Abstract
Introduction: Survival outcomes of patients with mantle cell lymphoma (MCL) have substantially improved with the advent of novel therapies, including CD20 monoclonal antibodies, Bruton tyrosine kinase inhibitors, and CAR T-cell therapy. Given these advances, earlier endpoints in clinical trials such as progression-free survival (PFS) are frequently employed as a surrogate endpoint for overall survival (OS) to accelerate regulatory approval for new therapies and limit the costs of drug evaluation. No prior analysis, however, has systematically evaluated if PFS is a valid surrogate for OS in MCL trials. This study provides the first such analysis, assessing the strength of PFS as a surrogate endpoint for OS in MCL clinical trials.
Methods: A systematic search of the database at ClinicalTrials.gov was conducted to identify all phase III randomized clinical trials in MCL from database inception through June 2025. Trials were included for analysis if they reported hazard ratios (HRs) for both PFS and OS. To assess the association of HRs between PFS and OS, weighted linear regression analysis was performed using sample size as the weighting factor. For noninferiority trials, reciprocal HRs were used to maintain consistency in the definitions of reference groups (standard of care) and comparator groups (experimental therapy). All HRs were log-transformed to facilitate linear modeling. The coefficient of determination (R²) was used to evaluate the strength of the association, with thresholds defined a priori: R² > 0.80 was considered a strong association, R² between 0.60 and 0.80 a moderate association, and R² < 0.60 a weak association.
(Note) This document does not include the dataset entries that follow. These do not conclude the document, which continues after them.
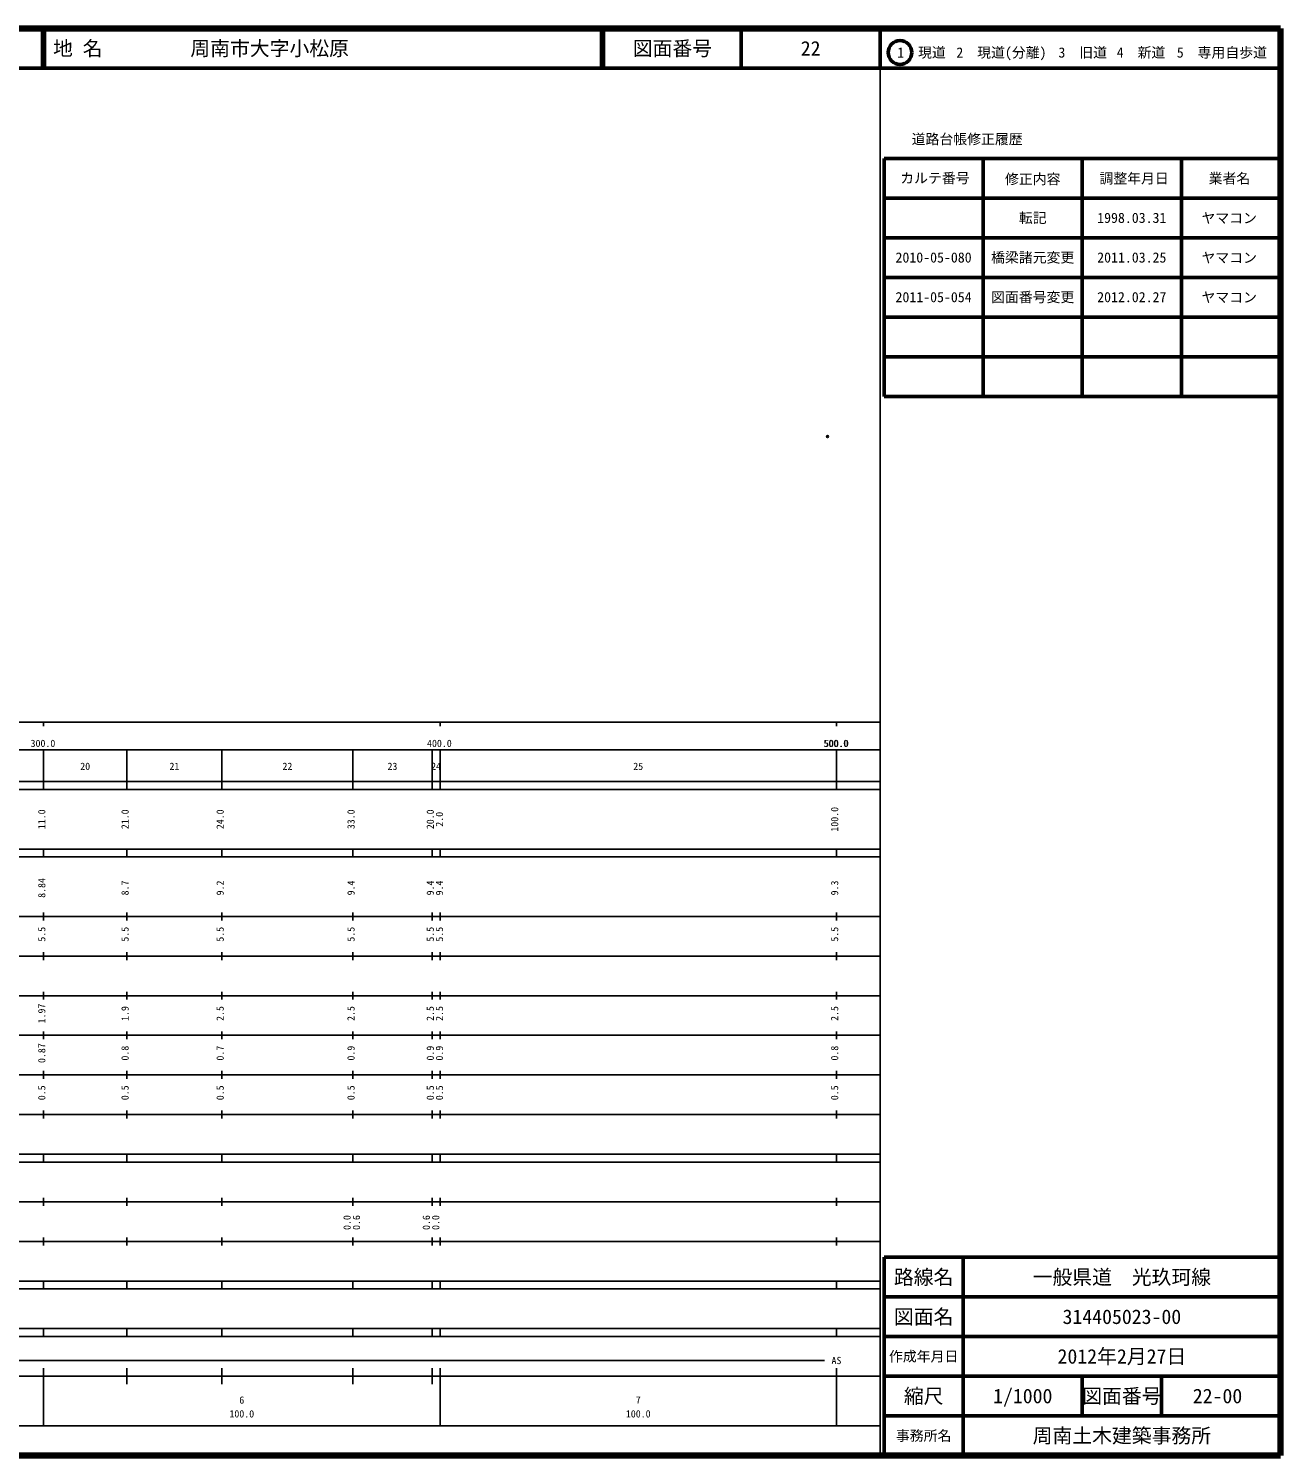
# Model space of a CAD drawing. Units: millimetres on the paper. Extents: x 40 to 680, y 20 to 380.
# Drawn here: x 364.2 to 680, y 20 to 380 of the extents above; entities that cross this region are included whole.
import ezdxf
from ezdxf.enums import TextEntityAlignment as Align

# ---------------------------------------------------------------- set-up
doc = ezdxf.new("R2010")
doc.units = ezdxf.units.MM
doc.header["$PDMODE"] = 32
doc.header["$PDSIZE"] = 0.5
doc.layers.add('M-OTRS', color=6, linetype='Continuous')
doc.layers.add('M-TTL-TXT', color=7, linetype='Continuous')
for name, color, linetype, lineweight in [('M-TTL', 2, 'Continuous', 140), ('M-TTL-BAND', 7, 'Continuous', 25), ('M-TTL-FRAM', 2, 'Continuous', 50), ('M-TTL-LINE', 7, 'Continuous', 50)]:
    doc.layers.add(name, color=color, linetype=linetype, lineweight=lineweight)
doc.styles.add('ＭＳ ゴシック', font='')
doc.styles.get('ＭＳ ゴシック').set_extended_font_data('MS Gothic')

msp = doc.modelspace()

# ---------------------------------------------------------------- linework, layer by layer
at = {"layer": 'M-OTRS'}
msp.add_point((565.771, 277.051), dxfattribs=at)
at = {"layer": 'M-TTL'}
for p, q in [((680, 380), (40, 380)), ((680, 20), (680, 380)), ((40, 20), (680, 20))]:
    msp.add_line(p, q, dxfattribs=at)
at = {"layer": 'M-TTL-BAND'}
for p, q in [((579, 20), (579, 370)), ((40, 205), (579, 205)), ((368, 205), (368, 204)), ((468, 205), (468, 204)), ((568, 205), (568, 204)), ((68, 198), (579, 198)), ((368, 188), (368, 198)), ((389, 188), (389, 198)), ((413, 188), (413, 198)), ((446, 188), (446, 198)), ((466, 188), (466, 198)), ((468, 188), (468, 198)), ((568, 188), (568, 198)), ((40, 190), (579, 190)), ((40, 188), (579, 188)), ((40, 173), (579, 173)), ((368, 171), (368, 173)), ((389, 171), (389, 173)), ((413, 171), (413, 173)), ((446, 171), (446, 173)), ((466, 171), (466, 173)), ((468, 171), (468, 173)), ((568, 171), (568, 173)), ((40, 171), (579, 171)), ((40, 156), (579, 156)), ((368, 155), (368, 157)), ((389, 155), (389, 157)), ((413, 155), (413, 157)), ((446, 155), (446, 157)), ((466, 155), (466, 157)), ((468, 155), (468, 157)), ((568, 155), (568, 157)), ((46, 146), (579, 146)), ((368, 145), (368, 147)), ((389, 145), (389, 147)), ((413, 145), (413, 147)), ((446, 145), (446, 147)), ((466, 145), (466, 147)), ((468, 145), (468, 147)), ((568, 145), (568, 147)), ((368, 135), (368, 137)), ((389, 135), (389, 137)), ((413, 135), (413, 137)), ((446, 135), (446, 137)), ((466, 135), (466, 137)), ((468, 135), (468, 137)), ((568, 135), (568, 137)), ((52, 136), (579, 136)), ((46, 126), (579, 126)), ((368, 125), (368, 127)), ((389, 125), (389, 127)), ((413, 125), (413, 127)), ((446, 125), (446, 127)), ((466, 125), (466, 127)), ((468, 125), (468, 127)), ((568, 125), (568, 127)), ((52, 116), (579, 116)), ((368, 115), (368, 117)), ((389, 115), (389, 117)), ((413, 115), (413, 117)), ((446, 115), (446, 117)), ((466, 115), (466, 117)), ((468, 115), (468, 117)), ((568, 115), (568, 117)), ((46, 106), (579, 106)), ((368, 105), (368, 107)), ((389, 105), (389, 107)), ((413, 105), (413, 107)), ((446, 105), (446, 107)), ((466, 105), (466, 107)), ((468, 105), (468, 107)), ((568, 105), (568, 107)), ((40, 96), (579, 96)), ((40, 94), (579, 94)), ((368, 94), (368, 96)), ((389, 94), (389, 96)), ((413, 94), (413, 96)), ((446, 94), (446, 96)), ((466, 94), (466, 96)), ((468, 94), (468, 96)), ((568, 94), (568, 96)), ((49, 84), (579, 84)), ((368, 83), (368, 85)), ((389, 83), (389, 85)), ((413, 83), (413, 85)), ((446, 83), (446, 85)), ((466, 83), (466, 85)), ((468, 83), (468, 85)), ((568, 83), (568, 85)), ((40, 74), (579, 74)), ((368, 73), (368, 75)), ((389, 73), (389, 75)), ((413, 73), (413, 75)), ((446, 73), (446, 75)), ((466, 73), (466, 75)), ((468, 73), (468, 75)), ((568, 73), (568, 75)), ((40, 64), (579, 64)), ((40, 62), (579, 62)), ((368, 62), (368, 64)), ((389, 62), (389, 64)), ((413, 62), (413, 64)), ((446, 62), (446, 64)), ((466, 62), (466, 64)), ((468, 62), (468, 64)), ((568, 62), (568, 64)), ((40, 52), (579, 52)), ((368, 50), (368, 52)), ((389, 50), (389, 52)), ((413, 50), (413, 52)), ((446, 50), (446, 52)), ((466, 50), (466, 52)), ((468, 50), (468, 52)), ((568, 50), (568, 52)), ((40, 50), (579, 50)), ((71, 44), (565, 44)), ((40, 40), (579, 40)), ((368, 27.5), (368, 42)), ((389, 38), (389, 42)), ((413, 38), (413, 42)), ((446, 38), (446, 42)), ((466, 38), (466, 42)), ((468, 27.5), (468, 42)), ((568, 27.5), (568, 42)), ((68, 27.5), (579, 27.5))]:
    msp.add_line(p, q, dxfattribs=at)
at = {"layer": 'M-TTL-FRAM'}
for p, q in [((580, 347.197), (580, 287.197)), ((580, 347.197), (680, 347.197)), ((580, 287.197), (680, 287.197)), ((680, 70), (580, 70)), ((580, 70), (580, 20))]:
    msp.add_line(p, q, dxfattribs=at)
at = {"layer": 'M-TTL-LINE'}
for p, q in [((367.75, 380), (367.75, 370)), ((368.25, 380), (368.25, 370)), ((508.747, 380), (508.747, 370)), ((509.247, 380), (509.247, 370)), ((543.997, 380), (543.997, 370)), ((579, 380), (579, 370)), ((40, 370), (680, 370)), ((605, 347.197), (605, 287.197)), ((630, 347.197), (630, 287.197)), ((655, 347.197), (655, 287.197)), ((580, 337.197), (680, 337.197)), ((580, 327.197), (680, 327.197)), ((580, 317.197), (680, 317.197)), ((580, 307.197), (680, 307.197)), ((580, 297.197), (680, 297.197)), ((600, 70), (600, 20)), ((680, 60), (580, 60)), ((680, 50), (580, 50)), ((680, 40), (580, 40)), ((630, 40), (630, 30)), ((650, 40), (650, 30)), ((680, 30), (580, 30))]:
    msp.add_line(p, q, dxfattribs=at)
msp.add_circle((584.031, 373.958), 3, dxfattribs=at)

# ---------------------------------------------------------------- texts
at = {"layer": 'M-TTL-BAND', "style": 'ＭＳ ゴシック'}
for s, p in [('300.0', (367.844, 198.195)), ('400.0', (467.844, 198.195)), ('500.0', (567.844, 198.195)), ('500.0', (568, 198.195)), ('20', (378.5, 192.405)), ('21', (401, 192.405)), ('22', (429.5, 192.405)), ('23', (456, 192.405)), ('24', (467, 192.405)), ('25', (518, 192.405)), ('AS', (568, 42.5)), ('6', (418, 32.523)), ('7', (518, 32.523)), ('100.0', (418, 29.033)), ('100.0', (518, 29.033))]:
    msp.add_text(s, height=1.833, dxfattribs=at).set_placement(p, align=Align.BOTTOM_CENTER)
for s, p in [('11.0', (369, 180.5)), ('21.0', (390, 180.5)), ('24.0', (414, 180.5)), ('33.0', (447, 180.5)), ('20.0', (467, 180.5)), ('2.0', (469.304, 180.5)), ('100.0', (569, 180.5)), ('8.84', (369, 163.174)), ('8.7', (390, 163.174)), ('9.2', (414, 163.174)), ('9.4', (447, 163.174)), ('9.4', (467, 163.174)), ('9.4', (469.304, 163.174)), ('9.3', (569, 163.174)), ('5.5', (369, 151.5)), ('5.5', (390, 151.5)), ('5.5', (414, 151.5)), ('5.5', (447, 151.5)), ('5.5', (467, 151.5)), ('5.5', (469.304, 151.5)), ('5.5', (569, 151.5)), ('1.97', (369, 131.5)), ('1.9', (390, 131.5)), ('2.5', (414, 131.5)), ('2.5', (447, 131.5)), ('2.5', (467, 131.5)), ('2.5', (469.304, 131.5)), ('2.5', (569, 131.5)), ('0.87', (369, 121.5)), ('0.8', (390, 121.5)), ('0.7', (414, 121.5)), ('0.9', (447, 121.5)), ('0.9', (467, 121.5)), ('0.9', (469.304, 121.5)), ('0.8', (569, 121.5)), ('0.5', (369, 111.5)), ('0.5', (390, 111.5)), ('0.5', (414, 111.5)), ('0.5', (447, 111.5)), ('0.5', (467, 111.5)), ('0.5', (469.304, 111.5)), ('0.5', (569, 111.5)), ('0.0', (446, 78.764)), ('0.6', (448.37, 78.764)), ('0.6', (466, 78.764)), ('0.0', (468.37, 78.764))]:
    msp.add_text(s, height=1.833, rotation=90, dxfattribs=at).set_placement(p, align=Align.BOTTOM_CENTER)
at = {"layer": 'M-TTL-TXT', "style": 'ＭＳ ゴシック'}
for s, p in [('地 名', (370.38, 375)), ('周南市大字小松原', (405.024, 375))]:
    msp.add_text(s, height=3.666, dxfattribs=at).set_placement(p, align=Align.MIDDLE_LEFT)
for s, height, p in [('図面番号', 3.666, (526.622, 375)), ('22', 3.666, (561.497, 375)), ('1\u3000現道', 2.566, (589.448, 373.958)), ('2\u3000現道(分離)', 2.566, (609.619, 373.958)), ('3\u3000旧道', 2.566, (630.121, 373.958)), ('4\u3000新道', 2.566, (644.824, 373.958)), ('5\u3000専用自歩道', 2.566, (665.228, 373.958)), ('道路台帳修正履歴', 2.566, (600.968, 352.113)), ('カルテ番号', 2.566, (592.839, 342.277)), ('修正内容', 2.566, (617.509, 342.023)), ('調整年月日', 2.566, (643.089, 342.197)), ('業者名', 2.566, (667.134, 342.197)), ('転記', 2.566, (617.5, 332.245)), ('1998.03.31', 2.566, (642.5, 332.245)), ('ヤマコン', 2.566, (667.077, 332.189)), ('2010-05-080', 2.566, (592.5, 322.245)), ('橋梁諸元変更', 2.566, (617.5, 322.245)), ('2011.03.25', 2.566, (642.5, 322.245)), ('ヤマコン', 2.566, (667.077, 322.189)), ('2011-05-054', 2.566, (592.5, 312.245)), ('図面番号変更', 2.566, (617.5, 312.245)), ('2012.02.27', 2.566, (642.5, 312.245)), ('ヤマコン', 2.566, (667.077, 312.189)), ('路線名', 3.666, (590, 65)), ('路線名', 3.666, (590, 65)), ('一般県道\u3000光玖珂線', 3.666, (640, 65)), ('図面名', 3.666, (590, 55)), ('図面名', 3.666, (590, 55)), ('314405023-00', 3.666, (640, 55)), ('2012年2月27日', 3.666, (640, 45)), ('作成年月日', 2.566, (590, 45)), ('作成年月日', 2.566, (590, 45)), ('縮尺', 3.666, (590, 35)), ('縮尺', 3.666, (590, 35)), ('1/1000', 3.666, (615, 35)), ('図面番号', 3.666, (640, 35)), ('図面番号', 3.666, (640, 35)), ('22-00', 3.666, (664.125, 35)), ('事務所名', 2.566, (590, 25)), ('事務所名', 2.566, (590, 25)), ('周南土木建築事務所', 3.666, (640, 25))]:
    msp.add_text(s, height=height, dxfattribs=at).set_placement(p, align=Align.MIDDLE_CENTER)

doc.saveas('drawing.dxf')

Results: The initial search yielded 89 phase III trials. Of these, 15 trials comprising 18 treatment comparisons reported HRs for PFS and OS and were included in the final analysis. The included trials involved a total of 5,630 participants. Twelve of the comparisons (66.7%) were in the first-line setting and 6 (33.3%) were in the relapsed/refractory setting. Regarding phase of treatment, 5 treatment comparisons (27.8%) exclusively assessed induction therapy, 4 (22.2%) focused solely on maintenance therapy, 8 (44.4%) assessed therapies that involved both induction and maintenance phases, and 1 (5.6%) evaluated consolidation therapy alone.
Of the 16 treatment comparisons that provided confidence intervals for both PFS and OS HRs, 7 (43.8%; 2,095 participants) demonstrated concordance in statistical significance between PFS and OS. The remaining 9 comparisons (56.3%; 2,718 participants) all showed a statistically significant benefit in PFS without an accompanying benefit in OS.
The overall weighted correlation coefficientbetween log HRs for PFS and OS was 0.87, with a corresponding R2 of 0.75 (p<0.001). This indicates that 75% of the variance in OS could be explained by changes in PFS, classifying the association between PFS and OS as moderate in strength according to predefined thresholds.
In stratified analyses, treatment comparisons in the first-line setting (R2=0.81, p<0.001) and the relapsed/refractory setting (R2=0.79, p=0.04) demonstrated a similar strength of surrogacy of PFS for OS. Comparisons evaluating therapies spanning from induction to maintenance phases of treatment showed a moderate association between PFS and OS HRs (R2=0.73, p=0.01). No significant association was observed in comparisons exclusively assessing induction therapy (R2=0.32, p=0.32) and maintenance therapy (R2=0.83, p=0.09).
Discussion: In this first surrogacy analysis of PFS in MCL, the findings suggest that PFS is a moderate surrogate for OS in MCL clinical trials. While the continued use of PFS as a surrogate endpoint appears justified, caution is warranted, especially when treatment effect sizes are modest.